When I was coming up I imagined my Black mama as being something other than human. She was the one who cared for her children and her siblings; it was my mother who put her own dreams on hold to ensure that her kids could pursue theirs. No one could convince me that the young Black woman who was my life source—and America’s target—was not the tough, enduring and idyllic symbol that I had made her out to be.

The day came, though, when my mom, this seeming invincible, perfect person, let loose a big laugh as she slid the crown covering her front teeth from her gums into her hands. Suddenly her smile had a gap wide enough to pass two Now and Laters through. It was the moment I understood what I had refused, and in some ways was unable to recognize all along.

My mother’s smile was not a lie, but it was a story. She was strong, but she was not unbreakable. She was otherworldly, and as the hole in her mouth revealed, she was also of this world.

I was taught to believe the lie that all Black women—even Camden-born, young, single mothers like my mom— are salvific and supernormal characters. Centered in the narrative somewhere between American degradation and American progress sit Black women; the mythical all-doing, all-knowing, all-saving creatures of everyone else’s imagination.

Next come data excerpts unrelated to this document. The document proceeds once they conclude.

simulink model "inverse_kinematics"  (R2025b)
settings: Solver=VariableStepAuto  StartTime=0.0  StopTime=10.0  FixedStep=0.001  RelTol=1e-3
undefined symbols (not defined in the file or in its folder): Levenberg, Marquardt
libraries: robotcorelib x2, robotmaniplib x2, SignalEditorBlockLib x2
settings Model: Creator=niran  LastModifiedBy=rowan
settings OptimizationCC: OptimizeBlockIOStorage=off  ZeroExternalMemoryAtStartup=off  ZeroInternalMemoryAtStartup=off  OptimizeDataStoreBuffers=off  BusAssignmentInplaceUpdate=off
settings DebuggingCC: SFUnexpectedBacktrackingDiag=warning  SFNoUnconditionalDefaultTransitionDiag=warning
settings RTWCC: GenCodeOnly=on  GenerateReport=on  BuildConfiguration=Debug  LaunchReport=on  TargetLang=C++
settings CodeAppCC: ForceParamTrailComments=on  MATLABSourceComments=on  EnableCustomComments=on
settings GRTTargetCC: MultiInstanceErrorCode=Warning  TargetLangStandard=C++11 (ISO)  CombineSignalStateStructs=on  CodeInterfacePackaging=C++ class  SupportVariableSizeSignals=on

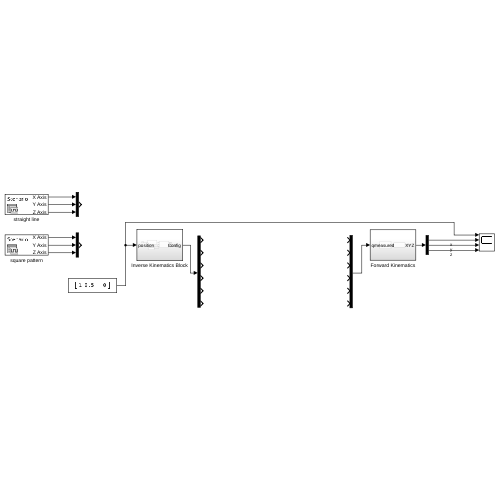
[thumbnail: Simulink's stored preview of the top-level diagram]
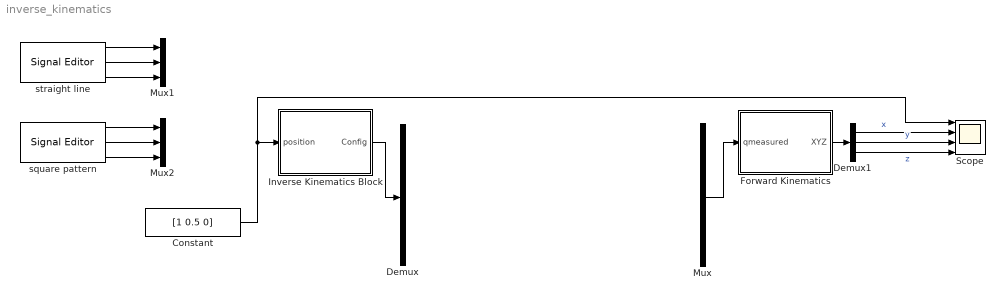
== system inverse_kinematics ==
  Constant : Constant  Value=[1 0.5 0]
  Demux : Demux  Outputs=6
  Demux1 : Demux  Outputs=3
  Forward Kinematics : Subsystem
  Inverse Kinematics Block : Subsystem
  Mux : Mux  Inputs=6
  Mux1 : Mux  Inputs=3
  Mux2 : Mux  Inputs=3
  Scope : Scope  NumInputPorts=4
      settings: ActiveDisplayYMinimum=-0.3  ActiveDisplayYMaximum=0.7
  square pattern : SignalEditorBlockLib/Signal Editor  FileName=signal_editor.mat  ActiveScenario=Scenario  ActiveSignal=X Axis  IsBus=off  OutputBusObjectStr=Bus: BusObject  SampleTime=0.001  ZeroCross=off  OutputAfterFinalValue=Holding final value  Unit=inherit  PreserveSignalName=on  ApplySigPropsToAllScenarios=on  ApplySigPropsToAllSignals=off  SignalPropertySource=Dialog parameters
  straight line : SignalEditorBlockLib/Signal Editor  FileName=signal_editor_1.mat  ActiveScenario=Scenario  ActiveSignal=X Axis  IsBus=off  OutputBusObjectStr=Bus: BusObject  SampleTime=0.001  ZeroCross=off  OutputAfterFinalValue=Holding final value  Unit=inherit  PreserveSignalName=on  ApplySigPropsToAllScenarios=on  ApplySigPropsToAllSignals=off  SignalPropertySource=Dialog parameters
  wires:
  Forward Kinematics/1(XYZ) -> Demux1/1
  straight line/1 -> Mux1/1
  straight line/2 -> Mux1/2
  Mux/1 -> Forward Kinematics/1(qmeasured)
  Demux1/2 -> Scope/3  "y"
  Demux1/1 -> Scope/2  "x"
  Demux1/3 -> Scope/4  "z"
  square pattern/2 -> Mux2/2
  square pattern/1 -> Mux2/1
  square pattern/3 -> Mux2/3
  Inverse Kinematics Block/1(Config) -> Demux/1
  Constant/1 -> Scope/1, Inverse Kinematics Block/1(position)
  straight line/3 -> Mux1/3

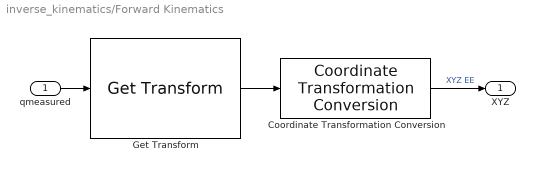
== system inverse_kinematics/Forward Kinematics ==
  qmeasured : Inport
  Coordinate Transformation Conversion : robotcorelib/Coordinate Transformation Conversion  InputRepresentation=Homogeneous Transformation  InputEulerSequence=ZYX  ShowTrVecInputPort=on  OutputRepresentation=Translation Vector  OutputEulerSequence=ZYX  ShowTrVecOutputPort=on  SimulateUsing=Interpreted execution
  Get Transform : robotmaniplib/Get Transform  RigidBodyTree=robotic_arm  SourceBody=Base  TargetBody=Body6  SimulateUsing=Interpreted execution
  XYZ : Outport
  wires:
  Get Transform/1 -> Coordinate Transformation Conversion/1
  Coordinate Transformation Conversion/1 -> XYZ/1  "XYZ EE"
  qmeasured/1 -> Get Transform/1

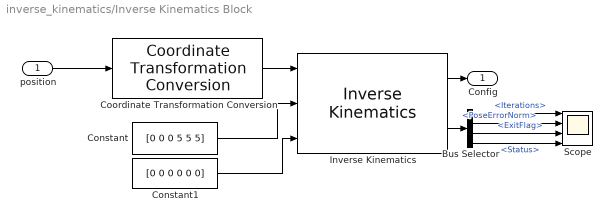
== system inverse_kinematics/Inverse Kinematics Block ==
  position : Inport
  Bus Selector : BusSelector  OutputSignals=Iterations,PoseErrorNorm,ExitFlag,Status
  Constant : Constant  Value=[0 0 0 5 5 5]
  Constant1 : Constant  Value=[0 0 0 0 0 0]
  Coordinate Transformation Conversion : robotcorelib/Coordinate Transformation Conversion  InputRepresentation=Translation Vector  InputEulerSequence=ZYX  ShowTrVecInputPort=on  OutputRepresentation=Homogeneous Transformation  OutputEulerSequence=ZYX  ShowTrVecOutputPort=on  SimulateUsing=Interpreted execution
  Inverse Kinematics : robotmaniplib/Inverse Kinematics  RigidBodyTree=robotic_arm  EndEffector=Body6  ShowInfo=on  SolverName=Levenberg-Marquardt  EnforceJointLimits=on  MaxIterations=1500  MaxTime=10  GradientTolerance=1e-3  SolutionTolerance=1e-2  StepTolerance=1e-14  ConstraintTolerance=1e-6  ErrorChangeTolerance=1e-3  UseErrorDamping=on  DampingBias=0.0025  SimulateUsing=Interpreted execution
  Scope : Scope  NumInputPorts=4
      settings: ActiveDisplayYMinimum=-173.87499999999997  ActiveDisplayYMaximum=1594.875
  Config : Outport
  wires:
  Coordinate Transformation Conversion/1 -> Inverse Kinematics/1
  Inverse Kinematics/1 -> Config/1
  Constant/1 -> Inverse Kinematics/2
  Inverse Kinematics/2 -> Bus Selector/1
  Constant1/1 -> Inverse Kinematics/3
  position/1 -> Coordinate Transformation Conversion/1
  Bus Selector/1 -> Scope/1  "<Iterations>"
  Bus Selector/2 -> Scope/2  "<PoseErrorNorm>"
  Bus Selector/3 -> Scope/3  "<ExitFlag>"
  Bus Selector/4 -> Scope/4  "<Status>"

There’s something dangerous—and brutal—that happens, however, when a people, Black men included, reduce Black women to ideals. When we refuse to believe that they have their own desires...and can feel pain...and sometimes may need to be held after spending a life holding so many others.

Superheroes are not allowed spaces for deep breaths and pauses in the story. They are not afforded the luxury of refusal—to not save those in constant need. And there ain’t enough magic in the world dynamic enough to conjure that which our genuine love of Black women might allow: the full lived-out expression of their humanity.

We fail Black women by demanding that they always show up with #blackgirlmagic


We fail Black women by demanding that they always show up with #blackgirlmagic because those of us who have benefited from their private and public labor love our comfort more than we love their freedom. Perhaps we love their magic so because it’s most often deployed in the service of others.

“Who are we when we are not someone’s mother, or daughter, or sister, or aunt, or church elder, or first Black woman to be this or that?” historian Paula Giddings asked in her seminal book, When and Where I Enter: The Impact of Black Women on Race and Sex in America. If only we could collectively answer her back: Black women are human and belong to themselves first.